Siapa yang mau mobil, gratis? Ambil saja di Dubai. Ribuan mobil ditinggalkan oleh pemiliknya yang angkat kaki dari Dubai untuk selamanya, paling tidak untuk jangka waktu yang panjang sekali. Mobil-mobil mereka ditinggalkan dengan kunci, surat-surat kepemilikan lengkap di dalam mobil, di atas kursi supir berserta surat kepemilikannya.
Dubai yang 80% lebih penduduknya adalah orang asing (expatriates), mengalami eksodus besar-besaran. Banyak barang mereka termasuk mobil tidak bisa dijual karena semua orang (pernyataan yang agak hiperbolik) mau keluar dari Dubai akibat krisis ekonomi. Mereka juga meninggalkan rumah-rumah beserta cicilannya.
Pembukaan tulisan ini agak mungkin sedikit berlebihan – mungkin, mungkin, mungkin. Tetapi mungkin saja benar. Kita lihat saja cerita berikutnya. Tetapi, sebelumnya akan kita lihat sejarah.
KOTA HANTU MASA LALU
Siapa yang tidak kenal Angkor Wat, Machu Picchu atau dalam skala nasional, lokal, Trowulan, Singosari, Tanjung Pura. Angkor Wat pada abad ke 12 merupakan kota metropolitan yang disebutkan oleh catatan perjalanan Marcopolo. Tetapi kemudian Angkor Wat hilang lenyap seperti ditelan hutan.
Dari tahun 1583 to 1593, orang-orang Portugis menjelajahi pantai timur semenanjung Malaya sampai ke Thailand dan Kamboja. Mereka tidak dapat menemukan kota yang megah yang diceritakan Marco Polo. Mereka hanya menjumpai reruntuhan di dalam hutan. Padahal yang mereka mencari kota yang megah yang mempunyai emas dan kekayaan untuk dibawa ke negaranya seperti yang mereka lakukan di Amerika Tengah dan Selatan.

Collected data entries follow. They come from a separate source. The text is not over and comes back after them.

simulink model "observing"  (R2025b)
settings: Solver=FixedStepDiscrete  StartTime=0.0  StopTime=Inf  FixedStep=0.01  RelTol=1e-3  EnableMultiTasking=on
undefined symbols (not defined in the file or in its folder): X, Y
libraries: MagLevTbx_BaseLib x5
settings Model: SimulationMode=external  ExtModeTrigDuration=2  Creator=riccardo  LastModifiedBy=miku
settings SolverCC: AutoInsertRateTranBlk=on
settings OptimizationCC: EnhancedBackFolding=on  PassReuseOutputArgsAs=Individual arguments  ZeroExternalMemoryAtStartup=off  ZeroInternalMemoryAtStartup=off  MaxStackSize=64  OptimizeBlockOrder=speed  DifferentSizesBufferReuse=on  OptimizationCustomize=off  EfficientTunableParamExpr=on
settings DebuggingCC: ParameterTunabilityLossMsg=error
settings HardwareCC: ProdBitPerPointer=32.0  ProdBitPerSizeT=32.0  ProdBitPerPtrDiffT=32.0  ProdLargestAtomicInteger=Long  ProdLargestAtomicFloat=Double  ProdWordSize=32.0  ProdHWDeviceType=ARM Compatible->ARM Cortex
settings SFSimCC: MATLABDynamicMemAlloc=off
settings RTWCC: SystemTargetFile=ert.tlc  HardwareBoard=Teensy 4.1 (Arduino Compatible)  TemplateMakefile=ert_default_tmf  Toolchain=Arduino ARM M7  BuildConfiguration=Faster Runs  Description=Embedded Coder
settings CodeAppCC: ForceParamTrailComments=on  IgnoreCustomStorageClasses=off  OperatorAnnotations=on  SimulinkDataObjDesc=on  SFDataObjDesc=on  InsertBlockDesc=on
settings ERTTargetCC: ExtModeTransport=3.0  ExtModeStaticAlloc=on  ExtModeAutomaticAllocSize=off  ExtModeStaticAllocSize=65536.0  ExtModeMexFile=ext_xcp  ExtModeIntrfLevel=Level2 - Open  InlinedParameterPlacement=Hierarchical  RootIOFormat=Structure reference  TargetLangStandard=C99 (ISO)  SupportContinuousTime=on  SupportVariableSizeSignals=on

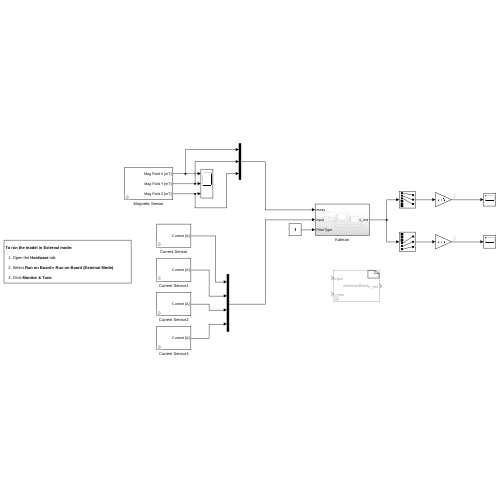
[thumbnail: Simulink's stored preview of the top-level diagram]
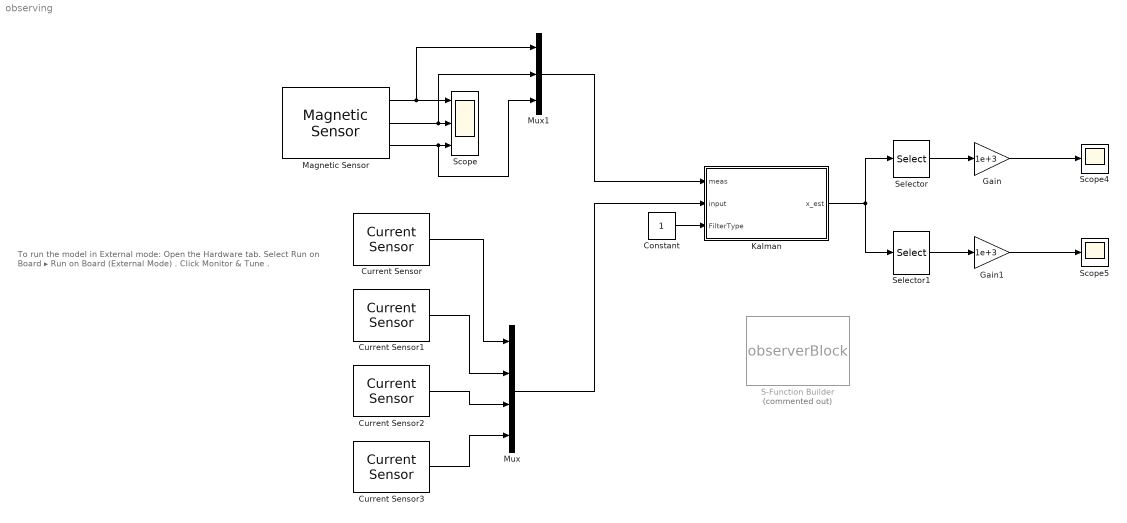
== system observing ==
  note: To run the model in External mode:
      | Open the Hardware tab.
      | Select Run on Board ▸ Run on Board (External Mode) .
      | Click Monitor & Tune .
  Constant : Constant
  Current Sensor : MagLevTbx_BaseLib/Inputs/Current Sensor  sensorId=+X  sampleTime=0.01  showEnablePort=off
      settings: SourceProductName=MagLev Toolbox
  Current Sensor1 : MagLevTbx_BaseLib/Inputs/Current Sensor  sensorId=-X  sampleTime=0.01  showEnablePort=off
      settings: SourceProductName=MagLev Toolbox
  Current Sensor2 : MagLevTbx_BaseLib/Inputs/Current Sensor  sensorId=+Y  sampleTime=0.01  showEnablePort=off
      settings: SourceProductName=MagLev Toolbox
  Current Sensor3 : MagLevTbx_BaseLib/Inputs/Current Sensor  sensorId=-Y  sampleTime=0.01  showEnablePort=off
      settings: SourceProductName=MagLev Toolbox
  Gain : Gain  Gain=1e+3
  Gain1 : Gain  Gain=1e+3
  Kalman : Subsystem
  Magnetic Sensor : MagLevTbx_BaseLib/Inputs/Magnetic Sensor  sensorId=Sensor 7  sampleTime=0.01  showEnablePort=off
      settings: SourceProductName=MagLev Toolbox
  Mux : Mux
  Mux1 : Mux  Inputs=3
  S-Function Builder : S-Function  Commented=on  FunctionName=observerBlock  SFunctionModules=observerBlock_wrapper.cpp matrices utilities observer  SFunctionDeploymentMode=off  EnableBusSupport=off  mask(S-Function Builder){}
      mask help: Simulink:masks:SFunctionBuilder_MD
      mask init:
      | val = [[.9  0.75 0.75 1 1 .9 .9 1]',[1 1 0.75 0.75 .9 .9 1 .9]'];try , sys = get_param(gcb,'SfunBuilderFcnName');if isempty(sys), sys = get_param(gcb,'FunctionName'); end,catch, sys = get_param(gcb,'FunctionName'); end
      settings: CopyFcn=set_param(gcbh,'LinkStatus','none')  OpenFcn=sfunctionwizard(gcbh)
      mask Display:
      | plot(val(:,1),val(:,2))
      | disp(sys)
      | port_label('input',1,sprintf('%s', 'input'),'interpreter','tex')
      | port_label('input',2,sprintf('%s', 'meas'),'interpreter','tex')
      | port_label('output',1,sprintf('%s', 'x\_est'),'interpreter','tex')
  Scope : Scope  NumInputPorts=3
      settings: ActiveDisplayYMinimum=-45.202162280701764  ActiveDisplayYMaximum=16.923712719298248
  Scope4 : Scope
      settings: ActiveDisplayYMinimum=-143.6458995161733  ActiveDisplayYMaximum=117.39550402407514  DataLoggingVariableName=ScopeData4
  Scope5 : Scope
      settings: ActiveDisplayYMinimum=-497.56216964625474  ActiveDisplayYMaximum=465.7377348762065  DataLoggingVariableName=ScopeData5
  Selector : Selector  InputPortWidth=6  IndexOptions=Index vector (dialog)  Indices=[1 2 3]  OutputSizes=1
  Selector1 : Selector  InputPortWidth=6  IndexOptions=Index vector (dialog)  Indices=[4 5 6]  OutputSizes=1
  wires:
  Magnetic Sensor/1 -> Mux1/1, Scope/1
  Magnetic Sensor/2 -> Mux1/2, Scope/2
  Magnetic Sensor/3 -> Mux1/3, Scope/3
  Current Sensor1/1 -> Mux/2
  Current Sensor/1 -> Mux/1
  Current Sensor3/1 -> Mux/4
  Current Sensor2/1 -> Mux/3
  Mux1/1 -> Kalman/1(meas)
  Mux/1 -> Kalman/2(input)
  Kalman/1(x_est) -> Selector1/1, Selector/1
  Selector/1 -> Gain/1
  Gain/1 -> Scope4/1
  Selector1/1 -> Gain1/1
  Gain1/1 -> Scope5/1
  Constant/1 -> Kalman/3(FilterType)

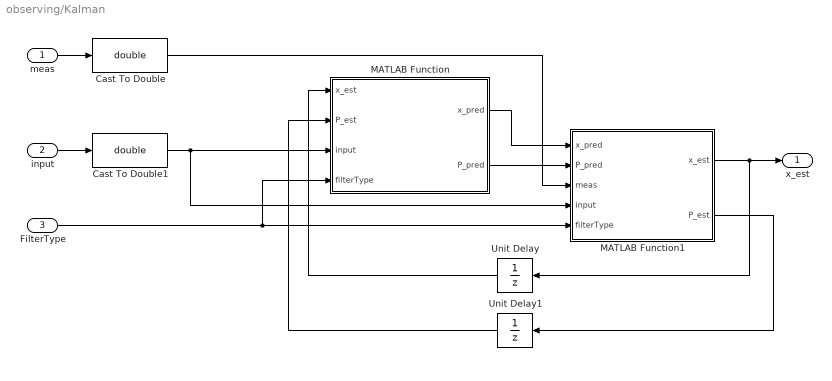
== system observing/Kalman ==
  meas : Inport
  input : Inport  Port=2
  FilterType : Inport  Port=3
  Cast To Double : DataTypeConversion  OutDataTypeStr=double  SaturateOnIntegerOverflow=off  RndMeth=Floor
  Cast To Double1 : DataTypeConversion  OutDataTypeStr=double  SaturateOnIntegerOverflow=off  RndMeth=Floor
  MATLAB Function : MATLAB Function  TreatAsAtomicUnit=on
  MATLAB Function1 : MATLAB Function  TreatAsAtomicUnit=on
  Unit Delay : UnitDelay  InitialCondition=zeros(6,1)  SampleTime=-1  HasFrameUpgradeWarning=on
  Unit Delay1 : UnitDelay  InitialCondition=eye(6,6)  SampleTime=-1  HasFrameUpgradeWarning=on
  x_est : Outport
  wires:
  MATLAB Function1/1(x_est) -> x_est/1, Unit Delay/1
  MATLAB Function1/2(P_est) -> Unit Delay1/1
  Unit Delay1/1 -> MATLAB Function/2(P_est)
  Unit Delay/1 -> MATLAB Function/1(x_est)
  meas/1 -> Cast To Double/1
  MATLAB Function/1(x_pred) -> MATLAB Function1/1(x_pred)
  MATLAB Function/2(P_pred) -> MATLAB Function1/2(P_pred)
  Cast To Double/1 -> MATLAB Function1/3(meas)
  input/1 -> Cast To Double1/1
  Cast To Double1/1 -> MATLAB Function/3(input), MATLAB Function1/4(input)
  FilterType/1 -> MATLAB Function1/5(filterType), MATLAB Function/4(filterType)

== matlab function observing/Kalman/MATLAB Function ==
  data: x_est input size=6; x_pred output double size=6; P_est input size=[6,6]; input input size=4; filterType input; P_pred output size=[6,6]; obs parameter

function [x_pred, P_pred] = Predict(x_est, P_est, input, filterType, obs)
    [x_pred_temp, P_pred_temp] = Prediction(x_est, P_est, input, filterType, obs);
    x_pred = x_pred_temp(1:6);
    P_pred = P_pred_temp(1:6, 1:6);
end

== matlab function observing/Kalman/MATLAB Function1 ==
  data: x_pred input size=6; x_est output double size=[6,1]; P_pred input size=[6,6]; meas input size=3; input input size=4; filterType input; P_est output size=[6,6]; obs parameter

function [x_est, P_est] = Update(x_pred, P_pred, meas, input, filterType, obs)
    [x_est_temp, P_est_temp] = Correction(x_pred, P_pred, meas, input, filterType, obs);
    x_est = x_est_temp(1:6);
    P_est = P_est_temp(1:6, 1:6);
end

Angkor Wat dibangun pada antara tahun 1181 sampai 1218 dan menjadi kota metropolitan yang makmur selama 200 tahun (hanya 200 tahun). Pada abad ke 15, ketika raja Pona Yat berkuasa, penduduk melakukan eksodus (besar-besaran?) ke sebelah selatan, ke daerah yang sekarang dikenal dengan nama Phnom Penh. Eksodus ini meninggalkan segala kemewahan rumah, istana, infrastruktur dan segala kekayaan yang tidak bisa dibawa. Tidak ada yang tahu kenapa mereka melakukan eksodus. Wabah penyakitkah? Kemarau? Atau hanya ekonomi. Tidak lama, hanya beberapa dekade, kota metropolitan Angkor Wat diserbu oleh alam dan ditelan menjadi hutan. Ini hanya terjadi dalam bilangan dekade.
Angkor Wat dari kejauhan.
Angkor Wat ditelan hutan.
Cerita mengenai Angkor Wat sangat menarik, kalau dikaitkan dengan sejarah sebuah daerah yang beberapa dekade lalu juga mangalami masa kemakmuran. Namanya Tanjung Pura yang letaknya di kabupaten Langkat Sumatera Utara.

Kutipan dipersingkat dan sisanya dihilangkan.